Frank Stella wurde 1936 in Massachusetts als Sohn einer italienischen Migrantenfamilie geboren. Während seines Studiums an der Princeton University bekam er erste Einblicke in die New Yorker Kunstszene und begann sich mit ihr zu vernetzen. Ende der 1950er Jahre zog er schliesslich nach New York, wo ihn der damals herrschende abstrakte Expressionismus stark prägte. Mit seinen «Black Paintings», die Ende 1950er und Anfang 1960er Jahre entstanden, löste er sich jedoch zunehmend von dieser Strömung und wandte sich stattdessen dem Minimalismus zu, zu dessen Wegbereitern er bis heute gilt.
Mit nur 34 Jahren durfte Stella seine erste Retrospektive im New Yorker Museum of Modern Arts (MoMA) ausstellen. Damit war er zu dieser Zeit der jüngste Künstler, dem ein Raum im MoMA für seine Retrospektive eingeräumt wurde. Bis zu seinem Tod im vergangenen Jahr lebte und arbeitete Stella in New York.
Obwohl das Abstraktum Stellas Werk geprägt hat, sah er in diesem keinen Selbstzweck. Das Abstraktum bestehe für ihn vielmehr aus verschiedenen Formen und Farben, die in Beziehung zueinander treten. Aus diesem Zusammenspiel entstehe zwar keine eigenständige Geschichte, sondern vielmehr «ein erzählender Sinn» («narrative sense»), durch den sich Ideen und Vorstellungen vermitteln lassen.
Zerstörung und Erneuerung
In seiner Serie «Polish Village», die 1971 bis 1974 entstand, untersucht Stella die im Holocaust zerstörten Holzsynagogen Osteuropas. Jedes Werk dieser Serie trägt den Namen jenes polnischen Dorfes, in dem sich die entsprechende Synagoge befand. So ist «Jeziory» nach dem in der Nähe der westpolnischen Stadt Posen liegenden Dorf Jeziory benannt. Dort befand sich eine im Holocaust zerstörte hölzerne Synagoge, die Stella zu seinem Werk inspirierte.

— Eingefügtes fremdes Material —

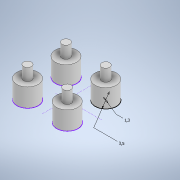
# Autodesk Inventor part: Part1
Saved by Autodesk Inventor 2021 (Build 250183000, 183)
## iProperties
Created: 2024-12-13
Part Number: Part1
Material: Generic
Document SubType Name: Modeling
Designer: 24oscnor
Density: 1 g/cm^3
Appearance: Default
Author: 24oscnor
Autodesk Inventor part; units mm, degrees
ref_plane "YZ Plane" through (0, 0, 0) normal (1, 0, 0) x (0, 1, 0)
ref_plane "XZ Plane" through (0, 0, 0) normal (0, 1, 0) x (-1, 0, 0)
ref_plane "XY Plane" through (0, 0, 0) normal (0, 0, 1) x (1, 0, 0)
sketch "Sketch1" plane through (0, 0, 0) normal (0, 1, 0) x (-1, 0, 0)
  circle A0 centre (0, 0) radius 1.75
  line L0 (-2.5887, 3.164) -> (5.0816, 3.164) construction
  circle A1 centre (0, 0) radius 0.65
  circle A2 centre (0, 6.328) radius 1.75
  circle A3 centre (0, 6.328) radius 0.65
  line L1 (3.2644, 7.3505) -> (3.2644, -3.3711) construction
  circle A4 centre (6.5289, 0) radius 1.75
  circle A5 centre (6.5289, 0) radius 0.65
  circle A6 centre (6.5289, 6.328) radius 1.75
  circle A7 centre (6.5289, 6.328) radius 0.65
  dimension "d0" = 3.5
  dimension "d1" = 1.3
  constraints: 9 symmetric about line, 8 centre point, 8 coincident, 4 end point, 1 horizontal, 1 vertical, 6 other
  measures "d0" diameter of A0
  measures "d1" diameter of A1
extrude "Extrusion1" add sketch "Sketch1" along normal blind 3
extrude "Extrusion2" add sketch "Sketch1" along normal blind 5 contours A1 | A3 | A5 | A7
body "Solid1"
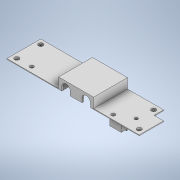
# Autodesk Inventor part: Klapa_kanalpow
Saved by Autodesk Inventor 2022 (Build 260153000, 153)
## iProperties
Created: 2022-09-09
Part Number: Klapa_kanalpow
Material: Ogólny
Document SubType Name: Modeling
Designer: kosak
Density: 1 g/cm^3
Appearance: Domyślna
Author: kosak
Autodesk Inventor part; units mm, degrees
ref_plane "YZ Plane" through (0, 0, 0) normal (1, 0, 0) x (0, 1, 0)
ref_plane "XZ Plane" through (0, 0, 0) normal (0, 1, 0) x (-1, 0, 0)
ref_plane "XY Plane" through (0, 0, 0) normal (0, 0, 1) x (1, 0, 0)
sketch "Szkic1" plane through (0, 0, 0) normal (0, 1, 0) x (-1, 0, 0)
  line L0 (0, 0) -> (174, 0)
  line L1 (174, 0) -> (174, -44.5)
  line L2 (174, -44.5) -> (12.5, -44.5)
  line L3 (0, -32) -> (0, 0)
  line L4 (0, -44.5) -> (12.5, -44.5)
  line L5 (12.5, -44.5) -> (12.5, -32)
  line L6 (12.5, -32) -> (0, -32)
  line L7 (0, -32) -> (0, -44.5)
  dimension "d0" = 174
  dimension "d1" = 44.5
  dimension "d9" = 12.5
  dimension "d10" = 12.5
  constraints: 16 end point, 4 parallel, 2 horizontal, 2 perpendicular
  measures "d0" distance of L1.end L4.start
  measures "d1" distance of L0.end L1.end
  measures "d9" distance of L3.start L5.end
  measures "d10" distance of L2.end L5.end
extrude "Wyciągnięcie proste1" add sketch "Szkic1" along normal blind 1 contours L0 L1 L2 L5 L6 L3
sketch "Szkic2" plane through (0, 0, 0) normal (0, -1, 0) x (1, 0, 0)
  line L0 (-12.5, -44.5) -> (-174, -44.5) projected
  line L1 (0, 0) -> (0, -32) projected
  line L2 (-174, 0) -> (0, 0) projected
  line L3 (-174, -44.5) -> (-174, 0) projected
  line L4 (-171, -41.5) -> (-15, -41.5)
  line L5 (-3, -29.5) -> (-3, -3)
  line L6 (-3, -3) -> (-171, -3)
  line L7 (-171, -3) -> (-171, -41.5)
  line L8 (-12.5, -44.5) -> (-174, -44.5) projected
  line L9 (-15, -41.5) -> (-15, -29.5)
  line L10 (-15, -29.5) -> (-3, -29.5)
  line L11 (-12.5, -32) -> (-12.5, -44.5) projected
  line L12 (0, -32) -> (-12.5, -32) projected
  dimension "d4" = 3
  dimension "d6" = 12
  dimension "d11" = 12
  constraints: 12 end point, 1 other
  measures "d4" distance between parallel lines of L0 L4
  measures "d6" distance of L4.end L9.end
  measures "d11" distance of L9.end L5.start
extrude "Wyciągnięcie proste2" add sketch "Szkic2" along normal blind 2 contours L7 L6 L5 L10 L9 L4
sketch "Szkic4" plane through (0, 1, 0) normal (0, 1, 0) x (1, 0, 0)
  line L0 (-174, 44.5) -> (-174, 0) projected
  line L1 (-174, 22.25) -> (-106, 22.25)
  line L2 (0, 22.25) -> (-60, 22.25)
  line L3 (0, 0) -> (0, 32) projected
  line L4 (-60, 0) -> (-106, 0)
  line L5 (-106, 0) -> (-106, 44.5)
  line L6 (-106, 44.5) -> (-60, 44.5)
  line L7 (-60, 44.5) -> (-60, 0)
  line L8 (-174, 0) -> (0, 0) projected
  line L9 (-12.5, 44.5) -> (-174, 44.5) projected
  dimension "d24" = 60
  dimension "d51" = 68
  constraints: 12 end point, 3 midpoint, 2 collinear, 2 horizontal, 1 parallel, 1 perpendicular, 1 point on line
  measures "d24" distance of L2.start L2.end
  measures "d51" distance of L1.end L1.start
extrude "Wyciągnięcie proste4" add sketch "Szkic4" along normal blind 13 contours L6 L7 L4 L5
sketch "Szkic9" plane through (0, -2, 0) normal (0, -1, 0) x (1, 0, 0)
  line L0 (-60, -44.5) -> (-60, 0) projected
  line L1 (-106, 0) -> (-106, -44.5) projected
  line L2 (-12.5, -44.5) -> (-174, -44.5) projected
  line L3 (-174, 0) -> (0, 0) projected
  line L4 (-104, 0) -> (-104, -44.5)
  line L5 (-62, -44.5) -> (-62, 0)
  line L6 (-12.5, -42.5) -> (-174, -42.5)
  line L7 (-174, -2) -> (0, -2)
  line L8 (-62, -2) -> (-104, -2)
  line L9 (-104, -2) -> (-104, -42.5)
  line L10 (-104, -42.5) -> (-62, -42.5)
  line L11 (-62, -42.5) -> (-62, -2)
  point P0 (-104, -2)
  point P1 (-62, -42.5)
  dimension "d38" = 2
  dimension "d39" = 2
  dimension "d40" = 2
  dimension "d41" = 2
  constraints: 16 end point, 6 parallel, 4 point on line, 1 horizontal, 1 perpendicular
  measures "d38" distance between parallel lines of L1 L4
  measures "d39" distance between parallel lines of L0 L5
  measures "d40" distance between parallel lines of L2 L6
  measures "d41" distance between parallel lines of L3 L7
extrude "Wyciągnięcie proste7" cut sketch "Szkic9" against normal blind 14 contours L6 L4 L7 L5
sketch "Szkic11" plane through (-174, 0, 0) normal (0, 0, 1) x (1, 0, 0)
  line L0 (68, 1) -> (68, 14) projected
  line L1 (114, 1) -> (114, 14) projected
  line L2 (68, 14) -> (114, 14) projected
  line L3 (77.75, 3.9889) -> (77.75, 5.5)
  line L4 (104.25, 5.5) -> (77.75, 5.5)
  circle A0 centre (77.75, 5.5) radius 5.5
  circle A1 centre (104.25, 5.5) radius 5.5
  line L5 (72.25, 5.5) -> (72.25, 0)
  line L6 (161.5, 0) -> (0, 0) projected
  line L7 (83.25, 5.5) -> (83.25, 0)
  line L8 (98.75, 5.5) -> (98.75, 0)
  line L9 (109.75, 5.5) -> (109.75, 0)
  line L10 (0, 0) -> (174, 0) projected
  line L11 (104.25, 5.5) -> (114, 5.5)
  point P0 (77.75, 0)
  dimension "d52" = 9.75
  dimension "d53" = 8.5
  dimension "d54" = 11
  dimension "d55" = 11
  dimension "d59" = 9.75
  constraints: 14 end point, 7 point on line, 4 point on circle, 3 perpendicular, 3 tangent, 2 centre point, 2 coincident, 1 parallel, 1 vertical
  measures "d52" distance between parallel lines of L0 L3
  measures "d53" distance between parallel lines of L2 L4
  measures "d54" diameter of A0
  measures "d55" diameter of A1
  measures "d59" distance of L11.start L11.end
extrude "Wyciągnięcie proste9" cut sketch "Szkic11" against normal blind 2 contours L11 A1 L4 | L4 A1 L11 | A1 L6 L8 | L9 L6 A1 | A0 | L7 L6 A0 | A0 L6 L5
sketch "Szkic12" plane through (0, 1, 0) normal (0, 1, 0) x (1, 0, 0)
  line L0 (-167.5, 44.5) -> (-167.5, 38)
  line L1 (-174, 38) -> (-167.5, 38)
  line L2 (-174, 44.5) -> (-174, 0) projected
  circle A0 centre (-167.5, 38) radius 3
  line L3 (-62, 42.5) -> (-104, 42.5) projected
  line L4 (-171, 3) -> (-171, 41.5) projected
  line L5 (-60, 0) -> (0, 0) projected
  line L6 (-6.5, 0) -> (-6.5, 6.5)
  line L7 (0, 0) -> (0, 32) projected
  line L8 (0, 6.5) -> (-6.5, 6.5)
  circle A1 centre (-6.5, 6.5) radius 3
  line L9 (-12.5, 32) -> (-12.5, 44.5) projected
  line L10 (-12.5, 38) -> (-19, 38)
  line L11 (-12.5, 44.5) -> (-60, 44.5) projected
  line L12 (-19, 44.5) -> (-19, 38)
  circle A2 centre (-19, 38) radius 3
  line L13 (-106, 44.5) -> (-174, 44.5) projected
  line L14 (-174, 6.5) -> (-167.5, 6.5)
  line L15 (-167.5, 0) -> (-167.5, 6.5)
  line L16 (-174, 0) -> (-106, 0) projected
  circle A3 centre (-167.5, 6.5) radius 3
  dimension "d60" = 6.5
  dimension "d61" = 6.5
  dimension "d62" = 6
  dimension "d63" = 6.5
  dimension "d64" = 6.5
  dimension "d65" = 6
  dimension "d66" = 6.5
  dimension "d67" = 6.5
  dimension "d68" = 6
  dimension "d78" = 6.5
  dimension "d79" = 6.5
  dimension "d80" = 6
  constraints: 16 end point, 8 point on line, 4 centre point, 4 coincident, 4 horizontal, 4 vertical
  measures "d60" distance of L1.start L0.end
  measures "d61" distance of L0.end L0.start
  measures "d62" diameter of A0
  measures "d63" distance of L6.end L8.start
  measures "d64" distance of L6.start L6.end
  measures "d65" diameter of A1
  measures "d66" distance of L10.end L10.start
  measures "d67" distance of L12.start L10.end
  measures "d68" diameter of A2
  measures "d78" distance of L14.start L14.end
  measures "d79" distance of L15.start L14.end
  measures "d80" diameter of A3
extrude "Wyciągnięcie proste10" cut sketch "Szkic12" against normal blind 2 contours A0 L1 L0 | L0 L1 A0 | A3 L15 L14 | L14 L15 A3 | A1 L8 L6 | L6 L8 A1 | A2 L12 L10 | L10 L12 A2
sketch "Szkic14" plane through (-167.5, -1, -38) normal (0, 1, 0) x (1, 0, 0)
  circle A0 centre (0, 0) radius 3 projected
  circle A1 centre (0, 0) radius 2
  circle A2 centre (0, -31.5) radius 3 projected
  circle A3 centre (0, -31.5) radius 2
  circle A4 centre (148.5, 0) radius 3 projected
  circle A5 centre (148.5, 0) radius 2
  circle A6 centre (161, -31.5) radius 3 projected
  circle A7 centre (161, -31.5) radius 2
  point P0 (167.5, -38)
  dimension "d81" = 4
  dimension "d82" = 4
  dimension "d83" = 4
  dimension "d84" = 4
  constraints: 4 centre point, 4 coincident
  measures "d81" diameter of A1
  measures "d82" diameter of A3
  measures "d83" diameter of A5
  measures "d84" diameter of A7
extrude "Wyciągnięcie proste12" cut sketch "Szkic14" against normal blind 2 contours A1 | A3 | A5 | A7
sketch "Szkic16" plane through (0, -2, 0) normal (0, -1, 0) x (1, 0, 0)
  line L0 (-3, -3) -> (-62, -3) projected
  line L1 (-62, -41.5) -> (-15, -41.5) projected
  line L2 (-42.6563, -3) -> (-42.6563, -9)
  line L3 (-42.6563, -9) -> (-32.6563, -9)
  line L4 (-32.6563, -9) -> (-47.6563, -9)
  line L5 (-47.6563, -9) -> (-47.6563, -17)
  line L6 (-47.6563, -17) -> (-32.6563, -17)
  line L7 (-32.6563, -17) -> (-32.6563, -9)
  point P0 (0, 0)
  dimension "d93" = 6
  dimension "d94" = 10
  dimension "d95" = 15
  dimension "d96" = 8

In «Jeziory» verzichtet Stella auf die Unterscheidung zwischen dem Bild an sich und seinem Medium, welches aus Bruchstücken verschiedener Farben und Formen besteht. Diese bilden gemeinsam eine Betrachtungseinheit. Es bleibt daher im Ermessen des Betrachters zu beurteilen, ob es sich um ein zweidimensionales Bild oder ein plastisch abgehobenes Relief handelt. Das Zusammenspiel der vielfältigen Farben und der abstrakten Geometrie erscheint zuerst chaotisch und verwirrend, schafft aber gleichzeitig eine gewisse Ordnung und Regeln. In den durcheinander gesteckten geometrischen Bruchteilen sieht man einerseits Zerstörung, die intuitiv auf den Holocaust verweisen könnte. Andererseits kann man darin aber auch einen Prozess von Erneuerung sehen. Das aus den Bruchteilen entstandene Objekt entwickelt eine neue Struktur.
Sinnbild der jüdischen Erfahrung
In diesem Sinne ist «Jeziory» symbolisch für die jüdische Lebenserfahrung. Einerseits hatten die Juden – zumindest bis zur Staatsgründung Israels – keine feste Heimat. Das Jüdischsein musste sich durch Ausgrenzung, Verfolgung und Verluste immer wieder neu erfinden. Trotzdem entwickelte sich genau durch diese einzigartige Lebenserfahrung die moderne jüdische Identität, mit all ihren Widersprüchlichkeiten. Die stetige Neuerfindung und Selbstbestimmung, die auch in «Jeziory» ausgedrückt wird, bezeichnet auch das jüdische Leben in Zeiten globaler Zeitenwende und globaler Herausforderungen. Das mag für Juden selbstverständlich sein, doch Stella war kein Jude. Es ist daher umso erstaunlicher, wie er die jüdische Vergangenheit und Gegenwart in einer so nuancierten Weise begriffen und diese durch «Jeziory» und die anderen «Polish Village»-Werke vermittelt hat. Vielleicht ist dies der erzählende Sinn, den Stella in «Jeziory» bezweckte.